◆ What you have to do: Nothing is needed except the lines below that run from the one with "circle A1 centre (35, -20.4465)" through the one with "line L0 (0, 0) -> (30.5, 0) projected", repeated exactly.

(Data items)

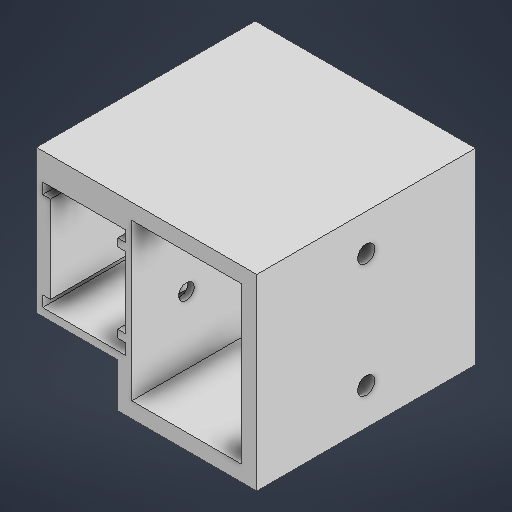
# Autodesk Inventor part: baseGuias
Saved by Autodesk Inventor 2025.3 (Build 293356000, 356)
## iProperties
Created: 2025-10-14
Part Number: baseGuias
Material: Genérico
Document SubType Name: Modeling
Designer: Jonathan Galarza
Density: 1 g/cm^3
Appearance: Valor por defecto
Author: Jonathan Galarza
Autodesk Inventor part; units mm, degrees
ref_plane "YZ Plane" through (0, 0, 0) normal (1, 0, 0) x (0, 1, 0)
ref_plane "XZ Plane" through (0, 0, 0) normal (0, 1, 0) x (-1, 0, 0)
ref_plane "XY Plane" through (0, 0, 0) normal (0, 0, 1) x (1, 0, 0)
sketch "Boceto1" plane through (0, 0, 0) normal (0, 1, 0) x (-1, 0, 0)
  line L0 (-30, -35) -> (30, -35)
  line L1 (30, -35) -> (30, 35)
  line L2 (30, 35) -> (-30, 35)
  line L3 (-30, 35) -> (-30, -35)
  line L4 (-30, -35) -> (30, 35) construction
  line L5 (30, -35) -> (-30, 35) construction
  point P0 (0, 0)
  dimension "d0" = 60
  dimension "d1" = 70
  constraints: 12 end point, 2 midpoint, 2 parallel, 1 horizontal, 1 perpendicular
  measures "d0" distance of L2.end L1.end
  measures "d1" distance of L1.end L0.end
extrude "Extrusión1" add sketch "Boceto1" along normal blind 5
sketch "Boceto2" plane through (0, 5, 0) normal (0, 1, 0) x (1, 0, 0)
  line L0 (-30, 35) -> (-30, -35) projected
  line L1 (-30, 0) -> (7.5, 0)
  line L2 (30, -35) -> (30, 35) projected
  line L3 (30, 0) -> (18, 0)
  circle A0 centre (18, 0) radius 5
  circle A1 centre (18, 25) radius 5
  circle A2 centre (18, -25) radius 5
  point P0 (0, 0)
  point P1 (24, 0)
  dimension "d4" = 37.5
  dimension "d5" = 12
  dimension "d6" = 10
  dimension "d8" = 10
  dimension "d9" = 25
  constraints: 4 end point, 3 centre point, 3 midpoint, 2 horizontal, 1 coincident, 1 symmetric about line, 1 other
  measures "d4" distance of L1.start L1.end
  measures "d5" distance of L3.start L3.end
  measures "d6" diameter of A0
  measures "d8" diameter of A1
  measures "d9" vertical distance of point (24, 0) A1.centre
extrude "Extrusión2" cut sketch "Boceto2" against normal blind 5
sketch "Boceto3" plane through (0, 0, 0) normal (0, -1, 0) x (1, 0, 0)
  line L0 (-30, 35) -> (30, 35) projected
  line L1 (-30, 35) -> (-58.5, 35)
  line L2 (-58.5, 35) -> (-58.5, -35)
  line L3 (-58.5, -35) -> (-30, -35)
  line L4 (-30, -35) -> (-30, 35)
  point P0 (0, 0)
  dimension "d12" = 28.5
  dimension "d13" = 70
  constraints: 8 end point, 2 parallel, 1 horizontal, 1 perpendicular
  measures "d12" distance of L3.end L2.end
  measures "d13" distance of L2.end L1.end
extrude "Extrusión3" add sketch "Boceto3" along normal blind 3.608 and the other way blind 5
sketch "Boceto4" plane through (0, -3.608, 0) normal (0, -1, 0) x (1, 0, 0)
  line L0 (-30, 35) -> (-58.5, 35) projected
  line L1 (-30, 35) -> (-32, 35)
  line L2 (-32, 35) -> (-32, -35)
  line L3 (-32, -35) -> (-30, -35)
  line L4 (-30, -35) -> (-30, 35)
  point P0 (0, 0)
  dimension "d18" = 2
  dimension "d19" = 70
  constraints: 8 end point, 2 parallel, 1 horizontal, 1 perpendicular
  measures "d18" distance of L3.end L2.end
  measures "d19" distance of L2.end L1.end
extrude "Extrusión4" add sketch "Boceto4" along normal blind 3.5
sketch "Boceto5" plane through (-30, 0, 35) normal (1, 0, 0) x (0, 0, -1)
  line L0 (70, -7.108) -> (0, -7.108) projected
  line L1 (70, -7.108) -> (0, -7.108)
  line L2 (0, -7.108) -> (0, -9.608)
  line L3 (0, -9.608) -> (70, -9.608)
  line L4 (70, -9.608) -> (70, -7.108)
  point P0 (35, 0)
  point P1 (0, -7.108)
  dimension "d22" = 70
  dimension "d23" = 2.5
  constraints: 8 end point, 2 parallel, 1 horizontal, 1 perpendicular
  measures "d22" distance of L3.end L2.end
  measures "d23" distance of L2.end L1.end
extrude "Extrusión5" add sketch "Boceto5" against normal blind 4.5
sketch "Boceto6" plane through (0, 5, 0) normal (0, 1, 0) x (1, 0, 0)
  line L0 (-58.5, 35) -> (-58.5, -35) projected
  line L1 (-58.5, 35) -> (-60.5, 35)
  line L2 (-60.5, 35) -> (-60.5, -35)
  line L3 (-60.5, -35) -> (-58.5, -35)
  line L4 (-58.5, -35) -> (-58.5, 35)
  point P0 (0, 0)
  dimension "d26" = 2
  dimension "d27" = 70
  constraints: 8 end point, 2 parallel, 1 horizontal, 1 perpendicular
  measures "d26" distance of L3.end L2.end
  measures "d27" distance of L2.end L1.end
extrude "Extrusión6" add sketch "Boceto6" against normal blind 12.358
sketch "Boceto8" plane through (-60.5, 5, -35) normal (-1, 0, 0) x (0, 0, 1)
  line L0 (70, -8.608) -> (70, -12.108) projected
  line L1 (70, -12.108) -> (0, -12.108)
  line L2 (0, -12.108) -> (0, -39.893)
  line L3 (0, -39.893) -> (70, -39.893)
  line L4 (70, -39.893) -> (70, -12.108)
  point P0 (35, -5)
  dimension "d34" = 70
  dimension "d35" = 27.785
  constraints: 8 end point, 2 parallel, 1 horizontal, 1 perpendicular
  measures "d34" distance of L3.end L2.end
  measures "d35" distance of L2.end L1.end
extrude "Extrusión8" add sketch "Boceto8" against normal blind 4.5
sketch "Boceto9" plane through (-60.5, -34.893, -35) normal (0, -1, 0) x (1, 0, 0)
  line L0 (0, 0) -> (4.5, 0) projected
  line L1 (0, 0) -> (2, 0)
  line L2 (2, 0) -> (2, 70)
  line L3 (2, 70) -> (0, 70)
  line L4 (0, 70) -> (0, 0)
  point P0 (60.5, 35)
  point P1 (2, 0)
  dimension "d38" = 2
  dimension "d39" = 70
  constraints: 8 end point, 2 parallel, 1 horizontal, 1 perpendicular
  measures "d38" distance of L3.end L2.end
  measures "d39" distance of L2.end L1.end
extrude "Extrusión9" add sketch "Boceto9" along normal blind 3.5
sketch "Boceto15" plane through (-60.5, -38.393, -35) normal (0, -1, 0) x (1, 0, 0)
  line L0 (0, 0) -> (30.5, 0)
  line L1 (30.5, 0) -> (30.5, 70)
  line L2 (30.5, 70) -> (0, 70)
  line L3 (0, 70) -> (0, 0)
  point P0 (60.5, 35)
  dimension "d60" = 30.5
  dimension "d61" = 70
  constraints: 8 end point, 2 parallel, 1 horizontal, 1 perpendicular, 1 point on line
  measures "d60" distance of L2.end L1.end
  measures "d61" distance of L1.end L0.end
extrude "Extrusión15" add sketch "Boceto15" along normal blind 2.5
sketch "Boceto16" plane through (-60.5, -38.393, -35) normal (0, 1, 0) x (1, 0, 0)
  line L0 (30.5, 0) -> (30.5, -70) projected
  line L1 (30.5, 0) -> (28.5, 0)
  line L2 (28.5, 0) -> (28.5, -70)
  line L3 (28.5, -70) -> (30.5, -70)
  line L4 (30.5, -70) -> (30.5, 0)
  point P0 (60.5, -35)
  dimension "d64" = 2
  dimension "d65" = 70
  constraints: 8 end point, 2 parallel, 1 horizontal, 1 perpendicular
  measures "d64" distance of L3.end L2.end
  measures "d65" distance of L2.end L1.end
extrude "Extrusión16" add sketch "Boceto16" along normal blind 3.5
sketch "Boceto17" plane through (-30, -40.893, 35) normal (1, 0, 0) x (0, 0, -1)
  line L0 (70, 6) -> (70, 2.5) projected
  line L1 (70, 6) -> (0, 6)
  line L2 (0, 6) -> (0, 8.5)
  line L3 (0, 8.5) -> (70, 8.5)
  line L4 (70, 8.5) -> (70, 6)
  point P0 (35, 40.893)
  dimension "d68" = 70
  dimension "d69" = 2.5
  constraints: 8 end point, 2 parallel, 1 horizontal, 1 perpendicular
  measures "d68" distance of L2.end L3.end
  measures "d69" distance of L1.end L2.end
extrude "Extrusión17" add sketch "Boceto17" against normal blind 4.5
sketch "Boceto18" plane through (-30, -40.893, 35) normal (1, 0, 0) x (0, 0, -1)
  line L0 (70, 8.5) -> (70, 6) projected
  line L1 (0, 45.893) -> (0, 0) projected
  line L2 (70, 8.5) -> (0, 8.5)
  line L3 (0, 8.5) -> (0, 32.8457)
  line L4 (0, 32.8457) -> (70, 32.8457)
  line L5 (70, 32.8457) -> (70, 8.5)
  point P0 (35, 40.893)
  point P1 (0, 8.5)
  constraints: 8 end point, 2 parallel, 1 horizontal, 1 perpendicular, 1 point on line
extrude "Extrusión18" add sketch "Boceto18" against normal blind 2
sketch "Boceto19" plane through (-30, 0, 35) normal (1, 0, 0) x (0, 0, -1)
  line L0 (0, -40.893) -> (70, -40.893) projected
  line L1 (70, -40.893) -> (0, 0) construction
  line L2 (0, 5) -> (0, -40.893) projected
  line L3 (0, -40.893) -> (70, 0) construction
  line L4 (70, 5) -> (70, -40.893) projected
  circle A0 centre (35, -20.4465) radius 4.75
  point P0 (35, 0)
  dimension "d74" = 9.5
  constraints: 4 end point, 2 point on line, 1 centre point, 1 midpoint
  measures "d74" diameter of A0
extrude "Extrusión19" cut sketch "Boceto19" against normal blind 5
sketch "Boceto20" plane through (-60.5, 5, -35) normal (-1, 0, 0) x (0, 0, 1)
  circle A0 centre (35, -25.4465) radius 4.75 projected
  line L0 (70, -5) -> (70, -45.893) projected
  line L1 (0, -45.893) -> (70, -45.893) projected
  line L2 (0, -5) -> (0, -45.893) projected
  line L3 (0, -5) -> (70, -5) projected
  circle A1 centre (35, -25.4465) radius 2.5
  point P0 (35, -5)
  dimension "d77" = 5
  constraints: 1 centre point, 1 coincident
  measures "d77" diameter of A1
extrude "Extrusión20" add sketch "Boceto20" against normal blind 7 contours A1
sketch "Boceto21" plane through (-30, 0, 35) normal (1, 0, 0) x (0, 0, -1)
  circle A0 centre (35, -20.4465) radius 4.75 projected
  circle A1 centre (35, -20.4465) radius 2.5 projected
  line L0 (35, -20.4465) -> (35, -28.4465) construction
  line L1 (52.5, -28.4465) -> (17.5, -28.4465) construction
  circle A2 centre (52.5, -28.4465) radius 2.5
  circle A3 centre (17.5, -28.4465) radius 2.5
  point P0 (35, 0)
  dimension "d80" = 8
  dimension "d81" = 35
  dimension "d82" = 5
  dimension "d83" = 5
  constraints: 4 end point, 2 centre point, 2 coincident, 1 horizontal, 1 midpoint, 1 vertical
  measures "d80" distance of L0.end L0.start
  measures "d81" distance of L1.start L1.end
  measures "d82" diameter of A2
  measures "d83" diameter of A3
extrude "Extrusión21" cut sketch "Boceto21" against normal blind 5 contours A2 | A3
sketch "Boceto22" plane through (30, 0, 35) normal (1, 0, 0) x (0, 0, -1)
  line L0 (100.391, -19.241) -> (-19.599, -19.241)
  line L1 (-19.599, -19.241) -> (-19.599, 22.649)
  line L2 (-19.599, 22.649) -> (100.391, 22.649)
  line L3 (100.391, 22.649) -> (100.391, -19.241)
  point P0 (35, 0)
  constraints: 8 end point, 2 parallel, 1 horizontal, 1 perpendicular
extrude "Extrusión22" cut sketch "Boceto22" against normal blind 25
sketch "Boceto23" plane through (0, 5, 0) normal (0, 1, 0) x (1, 0, 0)
  line L0 (-60.5, -35) -> (5, -35) projected
  line L1 (5, -35) -> (10, -35)
  line L2 (10, -35) -> (10, 35)
  line L3 (10, 35) -> (5, 35)
  line L4 (5, 35) -> (5, -35)
  point P0 (0, 0)
  dimension "d88" = 5
  dimension "d89" = 70
  constraints: 8 end point, 2 parallel, 1 horizontal, 1 perpendicular
  measures "d88" distance of L3.end L2.end
  measures "d89" distance of L2.end L1.end
extrude "Extrusión23" add sketch "Boceto23" against normal blind 60
sketch "Boceto24" plane through (10, 5, 35) normal (1, 0, 0) x (0, 0, -1)
  line L0 (0, -60) -> (70, -60) projected
  line L1 (70, -60) -> (0, -60)
  line L2 (0, -60) -> (0, -55)
  line L3 (0, -55) -> (70, -55)
  line L4 (70, -55) -> (70, -60)
  point P0 (35, -5)
  dimension "d92" = 70
  dimension "d93" = 5
  constraints: 8 end point, 2 parallel, 1 horizontal, 1 perpendicular
  measures "d92" distance of L2.end L3.end
  measures "d93" distance of L1.end L2.end
extrude "Extrusión24" add sketch "Boceto24" against normal blind 40
sketch "Boceto25" plane through (-60.5, -40.893, -35) normal (0, -1, 0) x (1, 0, 0)
  line L0 (0, 0) -> (30.5, 0) projected
  line L1 (26, 70) -> (26, 0) projected
  line L2 (30.5, 0) -> (26, 0)
  line L3 (26, 0) -> (26, 70)
  line L4 (26, 70) -> (30.5, 70)
  line L5 (30.5, 70) -> (30.5, 0)
  point P0 (60.5, 35)
  dimension "d96" = 4.5
  dimension "d97" = 70
  constraints: 8 end point, 2 parallel, 1 horizontal, 1 perpendicular
  measures "d96" distance of L1.start L4.end
  measures "d97" distance of L2.end L1.start
extrude "Extrusión25" add sketch "Boceto25" along normal blind 14.107
sketch "Boceto26" plane through (10, 5, 35) normal (1, 0, 0) x (0, 0, -1)
  line L0 (70, -60) -> (0, -60) projected
  line L1 (70, 0) -> (70, -45.893) projected
  line L2 (0, -60) -> (70, 0) construction
  line L3 (0, 0) -> (70, 0) projected
  line L4 (0, 0) -> (70, -60) construction
  line L5 (35, -48.25) -> (35, -11.75) construction
  line L6 (70, -8.608) -> (0, -8.608) projected
  circle A0 centre (35, -48.25) radius 2.75
  circle A1 centre (35, -11.75) radius 2.75
  point P0 (35, -5)
  point P1 (35, -30)
  point P2 (35, -30)
  dimension "d103" = 36.5
  dimension "d104" = 5.5
  dimension "d105" = 5.5
  constraints: 6 end point, 3 midpoint, 2 centre point, 2 coincident, 1 perpendicular
  measures "d103" distance of L5.start L5.end
  measures "d104" diameter of A0
  measures "d105" diameter of A1
extrude "Extrusión26" cut sketch "Boceto26" against normal blind 14.107
equation "\"d84\" = d83"

◆ Answer to this exercise:
  circle A1 centre (35, -20.4465) radius 2.5 projected
  line L0 (35, -20.4465) -> (35, -28.4465) construction
  line L1 (52.5, -28.4465) -> (17.5, -28.4465) construction
  circle A2 centre (52.5, -28.4465) radius 2.5
  circle A3 centre (17.5, -28.4465) radius 2.5
  point P0 (35, 0)
  dimension "d80" = 8
  dimension "d81" = 35
  dimension "d82" = 5
  dimension "d83" = 5
  constraints: 4 end point, 2 centre point, 2 coincident, 1 horizontal, 1 midpoint, 1 vertical
  measures "d80" distance of L0.end L0.start
  measures "d81" distance of L1.start L1.end
  measures "d82" diameter of A2
  measures "d83" diameter of A3
extrude "Extrusión21" cut sketch "Boceto21" against normal blind 5 contours A2 | A3
sketch "Boceto22" plane through (30, 0, 35) normal (1, 0, 0) x (0, 0, -1)
  line L0 (100.391, -19.241) -> (-19.599, -19.241)
  line L1 (-19.599, -19.241) -> (-19.599, 22.649)
  line L2 (-19.599, 22.649) -> (100.391, 22.649)
  line L3 (100.391, 22.649) -> (100.391, -19.241)
  point P0 (35, 0)
  constraints: 8 end point, 2 parallel, 1 horizontal, 1 perpendicular
extrude "Extrusión22" cut sketch "Boceto22" against normal blind 25
sketch "Boceto23" plane through (0, 5, 0) normal (0, 1, 0) x (1, 0, 0)
  line L0 (-60.5, -35) -> (5, -35) projected
  line L1 (5, -35) -> (10, -35)
  line L2 (10, -35) -> (10, 35)
  line L3 (10, 35) -> (5, 35)
  line L4 (5, 35) -> (5, -35)
  point P0 (0, 0)
  dimension "d88" = 5
  dimension "d89" = 70
  constraints: 8 end point, 2 parallel, 1 horizontal, 1 perpendicular
  measures "d88" distance of L3.end L2.end
  measures "d89" distance of L2.end L1.end
extrude "Extrusión23" add sketch "Boceto23" against normal blind 60
sketch "Boceto24" plane through (10, 5, 35) normal (1, 0, 0) x (0, 0, -1)
  line L0 (0, -60) -> (70, -60) projected
  line L1 (70, -60) -> (0, -60)
  line L2 (0, -60) -> (0, -55)
  line L3 (0, -55) -> (70, -55)
  line L4 (70, -55) -> (70, -60)
  point P0 (35, -5)
  dimension "d92" = 70
  dimension "d93" = 5
  constraints: 8 end point, 2 parallel, 1 horizontal, 1 perpendicular
  measures "d92" distance of L2.end L3.end
  measures "d93" distance of L1.end L2.end
extrude "Extrusión24" add sketch "Boceto24" against normal blind 40
sketch "Boceto25" plane through (-60.5, -40.893, -35) normal (0, -1, 0) x (1, 0, 0)
  line L0 (0, 0) -> (30.5, 0) projected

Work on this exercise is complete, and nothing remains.